→ Work instructions: Begin with the first line of the entries below and reproduce each line exactly, ending with the line that holds "values from neighbouring".
─── Materials provided
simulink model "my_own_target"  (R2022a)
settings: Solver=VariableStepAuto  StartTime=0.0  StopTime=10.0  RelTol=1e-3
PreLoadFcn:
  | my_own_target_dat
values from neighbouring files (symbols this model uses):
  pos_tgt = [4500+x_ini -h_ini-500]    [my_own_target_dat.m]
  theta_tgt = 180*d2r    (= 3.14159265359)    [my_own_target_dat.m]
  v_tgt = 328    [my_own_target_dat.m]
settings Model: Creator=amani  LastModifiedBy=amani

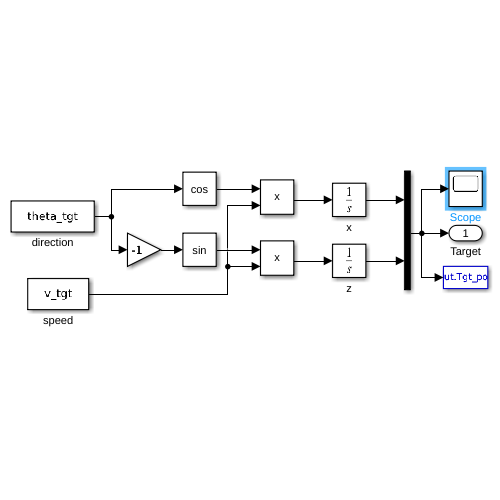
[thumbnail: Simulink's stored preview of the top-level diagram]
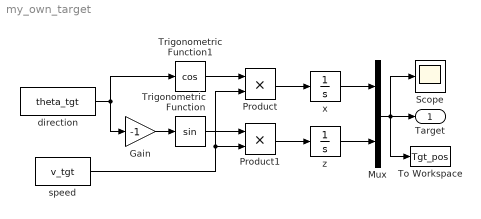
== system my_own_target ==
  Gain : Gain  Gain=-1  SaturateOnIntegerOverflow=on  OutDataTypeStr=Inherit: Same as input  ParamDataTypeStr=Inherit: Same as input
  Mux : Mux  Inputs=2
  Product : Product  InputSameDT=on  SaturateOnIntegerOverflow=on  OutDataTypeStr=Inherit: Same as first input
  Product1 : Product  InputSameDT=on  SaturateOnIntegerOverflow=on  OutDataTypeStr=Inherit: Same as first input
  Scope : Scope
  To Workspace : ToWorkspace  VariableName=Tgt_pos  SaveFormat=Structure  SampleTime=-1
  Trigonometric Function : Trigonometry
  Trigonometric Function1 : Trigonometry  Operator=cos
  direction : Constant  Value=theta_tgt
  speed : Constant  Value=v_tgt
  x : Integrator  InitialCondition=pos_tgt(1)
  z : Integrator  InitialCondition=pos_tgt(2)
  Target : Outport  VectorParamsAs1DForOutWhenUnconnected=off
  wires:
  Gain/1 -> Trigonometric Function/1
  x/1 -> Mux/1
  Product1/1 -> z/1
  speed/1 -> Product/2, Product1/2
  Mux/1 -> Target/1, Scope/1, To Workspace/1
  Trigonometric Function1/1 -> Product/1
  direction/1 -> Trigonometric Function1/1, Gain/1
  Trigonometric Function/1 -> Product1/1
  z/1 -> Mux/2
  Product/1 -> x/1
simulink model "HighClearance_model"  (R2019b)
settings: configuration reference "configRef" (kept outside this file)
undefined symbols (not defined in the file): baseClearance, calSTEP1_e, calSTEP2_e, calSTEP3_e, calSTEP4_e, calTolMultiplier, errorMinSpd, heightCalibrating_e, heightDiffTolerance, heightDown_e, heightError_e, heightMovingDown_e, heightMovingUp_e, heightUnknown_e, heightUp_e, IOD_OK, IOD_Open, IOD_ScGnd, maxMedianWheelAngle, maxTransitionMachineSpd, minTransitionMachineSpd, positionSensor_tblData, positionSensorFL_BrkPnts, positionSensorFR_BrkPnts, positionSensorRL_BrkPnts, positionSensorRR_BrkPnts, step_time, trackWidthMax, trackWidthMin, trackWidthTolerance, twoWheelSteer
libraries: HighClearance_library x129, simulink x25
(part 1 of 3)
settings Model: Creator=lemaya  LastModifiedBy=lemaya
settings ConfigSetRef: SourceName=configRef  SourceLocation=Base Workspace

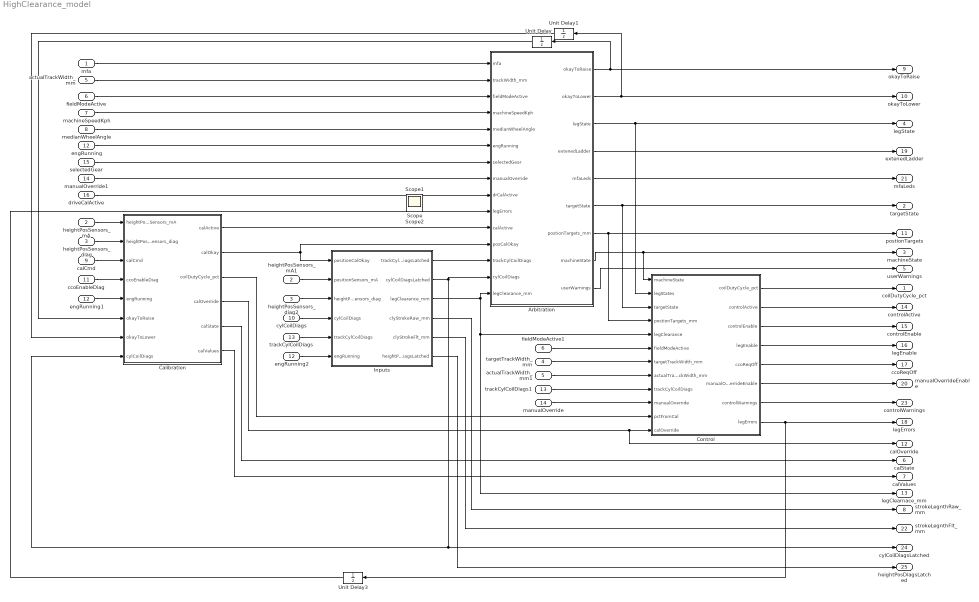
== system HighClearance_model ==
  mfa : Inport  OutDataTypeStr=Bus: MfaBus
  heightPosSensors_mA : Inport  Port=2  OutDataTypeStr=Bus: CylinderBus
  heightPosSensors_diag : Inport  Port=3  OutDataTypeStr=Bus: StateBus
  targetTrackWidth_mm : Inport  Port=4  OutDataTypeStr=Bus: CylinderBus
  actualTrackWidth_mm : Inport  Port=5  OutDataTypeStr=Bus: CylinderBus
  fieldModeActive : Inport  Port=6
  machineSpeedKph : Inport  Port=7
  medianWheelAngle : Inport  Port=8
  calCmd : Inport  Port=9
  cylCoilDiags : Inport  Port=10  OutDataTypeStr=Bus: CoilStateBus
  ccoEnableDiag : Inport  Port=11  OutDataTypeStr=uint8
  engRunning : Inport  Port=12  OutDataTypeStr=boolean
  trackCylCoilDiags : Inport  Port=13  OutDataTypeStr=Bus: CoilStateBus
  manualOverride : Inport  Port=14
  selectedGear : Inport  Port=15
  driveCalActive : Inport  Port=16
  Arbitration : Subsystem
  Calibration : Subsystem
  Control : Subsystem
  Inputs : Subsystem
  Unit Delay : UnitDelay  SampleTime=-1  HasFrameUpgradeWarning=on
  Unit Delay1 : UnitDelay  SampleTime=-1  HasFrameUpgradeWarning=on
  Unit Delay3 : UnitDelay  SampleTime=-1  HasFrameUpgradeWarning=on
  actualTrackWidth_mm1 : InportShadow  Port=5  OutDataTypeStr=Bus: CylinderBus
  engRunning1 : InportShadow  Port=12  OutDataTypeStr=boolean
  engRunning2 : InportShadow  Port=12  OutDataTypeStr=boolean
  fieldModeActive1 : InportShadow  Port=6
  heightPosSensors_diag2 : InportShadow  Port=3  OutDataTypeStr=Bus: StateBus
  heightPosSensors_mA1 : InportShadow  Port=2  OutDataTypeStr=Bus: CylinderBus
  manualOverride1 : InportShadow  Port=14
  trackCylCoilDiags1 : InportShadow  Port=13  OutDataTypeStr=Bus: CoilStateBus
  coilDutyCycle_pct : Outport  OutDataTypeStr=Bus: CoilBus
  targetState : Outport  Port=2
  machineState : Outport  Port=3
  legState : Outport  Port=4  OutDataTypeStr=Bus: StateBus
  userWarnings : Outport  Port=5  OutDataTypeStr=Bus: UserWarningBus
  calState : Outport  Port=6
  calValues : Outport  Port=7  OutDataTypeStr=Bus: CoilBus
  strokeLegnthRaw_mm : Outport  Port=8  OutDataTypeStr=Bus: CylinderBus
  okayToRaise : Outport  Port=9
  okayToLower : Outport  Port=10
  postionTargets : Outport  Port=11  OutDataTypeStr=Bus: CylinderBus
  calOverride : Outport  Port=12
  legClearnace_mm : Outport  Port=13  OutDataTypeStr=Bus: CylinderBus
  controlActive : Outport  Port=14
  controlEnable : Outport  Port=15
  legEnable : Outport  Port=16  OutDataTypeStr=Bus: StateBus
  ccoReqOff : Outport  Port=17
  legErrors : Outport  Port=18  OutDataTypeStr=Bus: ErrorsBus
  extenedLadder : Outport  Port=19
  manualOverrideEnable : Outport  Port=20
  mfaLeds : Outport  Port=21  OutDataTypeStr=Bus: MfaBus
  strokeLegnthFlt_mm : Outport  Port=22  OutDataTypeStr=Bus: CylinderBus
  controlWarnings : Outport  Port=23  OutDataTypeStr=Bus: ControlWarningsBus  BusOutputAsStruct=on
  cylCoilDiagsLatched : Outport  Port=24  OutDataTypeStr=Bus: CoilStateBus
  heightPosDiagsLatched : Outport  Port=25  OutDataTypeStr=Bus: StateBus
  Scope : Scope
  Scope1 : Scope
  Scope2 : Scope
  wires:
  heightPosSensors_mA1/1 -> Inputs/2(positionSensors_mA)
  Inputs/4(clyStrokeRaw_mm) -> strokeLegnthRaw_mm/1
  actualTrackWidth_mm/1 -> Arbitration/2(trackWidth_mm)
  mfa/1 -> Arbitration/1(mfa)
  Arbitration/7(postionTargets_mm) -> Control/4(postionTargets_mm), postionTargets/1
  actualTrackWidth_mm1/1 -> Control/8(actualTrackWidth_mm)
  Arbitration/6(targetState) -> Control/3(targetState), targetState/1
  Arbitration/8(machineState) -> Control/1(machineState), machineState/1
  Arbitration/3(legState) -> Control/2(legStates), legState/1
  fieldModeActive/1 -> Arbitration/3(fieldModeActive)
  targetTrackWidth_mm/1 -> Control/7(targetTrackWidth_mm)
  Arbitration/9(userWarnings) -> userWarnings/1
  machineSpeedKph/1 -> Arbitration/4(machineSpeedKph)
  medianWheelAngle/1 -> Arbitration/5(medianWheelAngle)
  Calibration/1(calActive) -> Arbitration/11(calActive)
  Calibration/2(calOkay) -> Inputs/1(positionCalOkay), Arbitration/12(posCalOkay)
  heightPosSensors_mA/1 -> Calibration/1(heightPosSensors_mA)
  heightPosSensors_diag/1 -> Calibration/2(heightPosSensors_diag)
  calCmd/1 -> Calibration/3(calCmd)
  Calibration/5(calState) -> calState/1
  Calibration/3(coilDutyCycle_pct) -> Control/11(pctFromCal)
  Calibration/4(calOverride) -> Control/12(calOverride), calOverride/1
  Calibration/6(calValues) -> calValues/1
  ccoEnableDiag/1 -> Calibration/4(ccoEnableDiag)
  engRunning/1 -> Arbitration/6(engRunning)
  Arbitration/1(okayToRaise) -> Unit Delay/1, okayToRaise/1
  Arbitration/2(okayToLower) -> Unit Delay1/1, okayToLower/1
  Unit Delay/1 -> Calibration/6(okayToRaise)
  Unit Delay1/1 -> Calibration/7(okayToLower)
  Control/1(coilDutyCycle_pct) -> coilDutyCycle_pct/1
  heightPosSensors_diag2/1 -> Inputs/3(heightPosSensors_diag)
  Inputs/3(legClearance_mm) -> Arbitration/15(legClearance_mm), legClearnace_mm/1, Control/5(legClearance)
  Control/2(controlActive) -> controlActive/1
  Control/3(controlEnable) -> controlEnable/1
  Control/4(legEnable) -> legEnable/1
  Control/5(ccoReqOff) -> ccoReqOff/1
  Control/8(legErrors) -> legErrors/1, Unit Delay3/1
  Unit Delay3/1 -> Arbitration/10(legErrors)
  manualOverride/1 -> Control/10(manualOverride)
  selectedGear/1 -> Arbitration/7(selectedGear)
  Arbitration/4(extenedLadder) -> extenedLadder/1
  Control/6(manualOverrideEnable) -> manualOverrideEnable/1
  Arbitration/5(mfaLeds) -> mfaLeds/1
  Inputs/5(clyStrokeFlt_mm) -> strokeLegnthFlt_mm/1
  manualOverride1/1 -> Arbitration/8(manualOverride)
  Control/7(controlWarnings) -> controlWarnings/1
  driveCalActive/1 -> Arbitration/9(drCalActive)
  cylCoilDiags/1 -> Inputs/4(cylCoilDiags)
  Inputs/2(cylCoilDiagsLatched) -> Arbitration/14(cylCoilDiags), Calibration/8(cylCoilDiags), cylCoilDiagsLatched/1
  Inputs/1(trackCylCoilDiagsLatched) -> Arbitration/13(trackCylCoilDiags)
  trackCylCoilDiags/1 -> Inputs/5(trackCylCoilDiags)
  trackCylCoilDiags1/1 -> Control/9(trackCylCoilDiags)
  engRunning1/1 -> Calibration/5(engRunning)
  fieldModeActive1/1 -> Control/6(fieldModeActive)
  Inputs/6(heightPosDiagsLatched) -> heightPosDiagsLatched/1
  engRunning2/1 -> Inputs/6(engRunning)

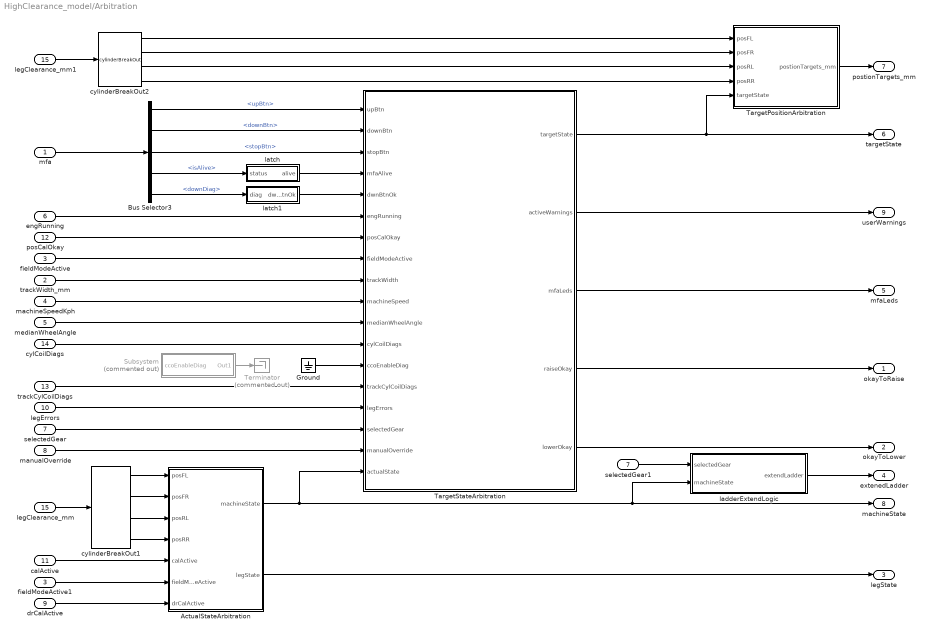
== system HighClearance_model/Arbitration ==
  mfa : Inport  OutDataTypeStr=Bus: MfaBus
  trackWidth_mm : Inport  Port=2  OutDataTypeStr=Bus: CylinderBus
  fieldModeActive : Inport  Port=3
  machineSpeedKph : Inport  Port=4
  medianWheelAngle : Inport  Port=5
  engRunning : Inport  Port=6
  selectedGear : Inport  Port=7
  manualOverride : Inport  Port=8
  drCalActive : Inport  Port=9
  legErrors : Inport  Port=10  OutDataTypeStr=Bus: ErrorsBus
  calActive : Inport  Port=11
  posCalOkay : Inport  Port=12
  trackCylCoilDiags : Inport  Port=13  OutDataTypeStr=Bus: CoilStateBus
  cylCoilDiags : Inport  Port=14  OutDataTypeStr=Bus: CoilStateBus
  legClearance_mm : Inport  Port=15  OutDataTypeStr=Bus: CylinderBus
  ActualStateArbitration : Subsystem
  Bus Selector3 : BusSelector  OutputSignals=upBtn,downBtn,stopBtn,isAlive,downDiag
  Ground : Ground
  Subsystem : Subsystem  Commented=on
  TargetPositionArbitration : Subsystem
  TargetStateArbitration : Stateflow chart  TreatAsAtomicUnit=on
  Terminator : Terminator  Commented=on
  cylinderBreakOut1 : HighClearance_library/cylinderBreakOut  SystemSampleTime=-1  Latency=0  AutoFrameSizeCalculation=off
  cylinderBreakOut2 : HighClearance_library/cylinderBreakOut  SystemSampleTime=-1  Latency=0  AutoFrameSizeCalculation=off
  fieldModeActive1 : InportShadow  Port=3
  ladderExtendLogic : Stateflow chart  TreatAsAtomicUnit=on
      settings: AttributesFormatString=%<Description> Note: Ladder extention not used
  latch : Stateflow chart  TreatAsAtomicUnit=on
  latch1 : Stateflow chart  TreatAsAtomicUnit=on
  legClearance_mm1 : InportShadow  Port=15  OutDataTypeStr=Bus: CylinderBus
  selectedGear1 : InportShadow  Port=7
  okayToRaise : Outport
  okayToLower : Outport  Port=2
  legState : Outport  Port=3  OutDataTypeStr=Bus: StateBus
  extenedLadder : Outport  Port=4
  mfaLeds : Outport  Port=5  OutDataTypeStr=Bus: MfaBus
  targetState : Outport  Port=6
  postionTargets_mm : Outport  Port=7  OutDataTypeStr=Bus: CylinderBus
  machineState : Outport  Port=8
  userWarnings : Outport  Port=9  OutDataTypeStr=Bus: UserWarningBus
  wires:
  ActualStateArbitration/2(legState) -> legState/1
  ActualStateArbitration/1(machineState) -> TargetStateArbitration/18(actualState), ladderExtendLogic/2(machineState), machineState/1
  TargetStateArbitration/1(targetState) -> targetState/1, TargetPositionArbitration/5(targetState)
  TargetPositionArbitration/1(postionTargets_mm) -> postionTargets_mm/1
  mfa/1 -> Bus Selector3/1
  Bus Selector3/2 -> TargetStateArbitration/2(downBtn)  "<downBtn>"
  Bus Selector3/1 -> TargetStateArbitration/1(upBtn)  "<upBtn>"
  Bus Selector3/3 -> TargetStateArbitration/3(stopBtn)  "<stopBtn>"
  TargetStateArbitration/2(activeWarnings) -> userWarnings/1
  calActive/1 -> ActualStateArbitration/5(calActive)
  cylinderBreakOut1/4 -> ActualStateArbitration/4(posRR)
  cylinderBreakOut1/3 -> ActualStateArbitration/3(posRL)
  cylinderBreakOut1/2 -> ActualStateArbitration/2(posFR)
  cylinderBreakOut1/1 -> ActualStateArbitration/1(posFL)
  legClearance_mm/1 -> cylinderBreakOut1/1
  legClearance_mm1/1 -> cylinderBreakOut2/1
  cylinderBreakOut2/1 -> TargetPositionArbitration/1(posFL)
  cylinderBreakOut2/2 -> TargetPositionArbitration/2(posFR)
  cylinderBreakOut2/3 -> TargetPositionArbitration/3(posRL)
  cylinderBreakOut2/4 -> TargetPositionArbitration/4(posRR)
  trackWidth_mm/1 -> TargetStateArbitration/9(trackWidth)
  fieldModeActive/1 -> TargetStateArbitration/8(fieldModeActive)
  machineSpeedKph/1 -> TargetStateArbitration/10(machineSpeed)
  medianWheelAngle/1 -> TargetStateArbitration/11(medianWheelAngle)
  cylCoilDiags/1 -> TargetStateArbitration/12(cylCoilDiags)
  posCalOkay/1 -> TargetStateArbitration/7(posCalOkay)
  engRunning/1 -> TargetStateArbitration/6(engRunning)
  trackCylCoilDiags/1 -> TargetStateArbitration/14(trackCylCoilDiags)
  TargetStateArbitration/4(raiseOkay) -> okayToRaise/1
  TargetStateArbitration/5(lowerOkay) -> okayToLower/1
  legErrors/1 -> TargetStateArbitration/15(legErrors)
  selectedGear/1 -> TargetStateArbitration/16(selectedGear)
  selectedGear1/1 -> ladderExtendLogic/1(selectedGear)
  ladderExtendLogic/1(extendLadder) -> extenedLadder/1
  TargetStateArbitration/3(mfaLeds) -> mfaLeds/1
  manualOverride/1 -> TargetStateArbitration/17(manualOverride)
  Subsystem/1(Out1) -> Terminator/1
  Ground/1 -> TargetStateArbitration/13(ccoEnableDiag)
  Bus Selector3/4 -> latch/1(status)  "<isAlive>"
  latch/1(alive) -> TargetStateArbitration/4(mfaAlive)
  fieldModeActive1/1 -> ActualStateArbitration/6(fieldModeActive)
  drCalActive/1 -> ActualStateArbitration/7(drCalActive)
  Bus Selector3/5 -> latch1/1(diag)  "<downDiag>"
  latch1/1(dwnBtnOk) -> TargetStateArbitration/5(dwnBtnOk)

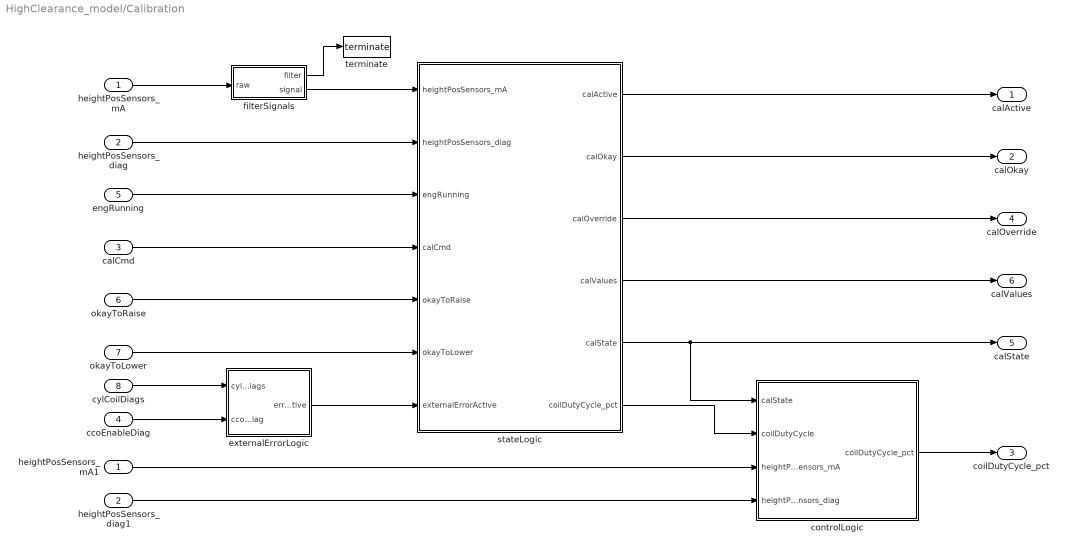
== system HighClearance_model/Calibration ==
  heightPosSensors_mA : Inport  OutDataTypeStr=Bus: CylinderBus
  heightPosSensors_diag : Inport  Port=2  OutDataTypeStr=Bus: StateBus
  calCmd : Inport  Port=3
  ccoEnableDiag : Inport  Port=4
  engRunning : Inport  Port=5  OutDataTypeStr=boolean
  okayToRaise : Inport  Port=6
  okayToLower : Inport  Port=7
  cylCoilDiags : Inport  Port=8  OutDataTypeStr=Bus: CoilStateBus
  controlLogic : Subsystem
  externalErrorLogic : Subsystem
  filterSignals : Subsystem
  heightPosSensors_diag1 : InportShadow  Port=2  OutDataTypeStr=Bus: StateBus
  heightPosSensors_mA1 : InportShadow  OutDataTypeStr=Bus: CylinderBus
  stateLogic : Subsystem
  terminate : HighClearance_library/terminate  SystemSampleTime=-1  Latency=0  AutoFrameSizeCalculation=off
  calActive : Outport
──────
→ Task result:
simulink model "my_own_target"  (R2022a)
settings: Solver=VariableStepAuto  StartTime=0.0  StopTime=10.0  RelTol=1e-3
PreLoadFcn:
  | my_own_target_dat
values from neighbouring files (symbols this model uses):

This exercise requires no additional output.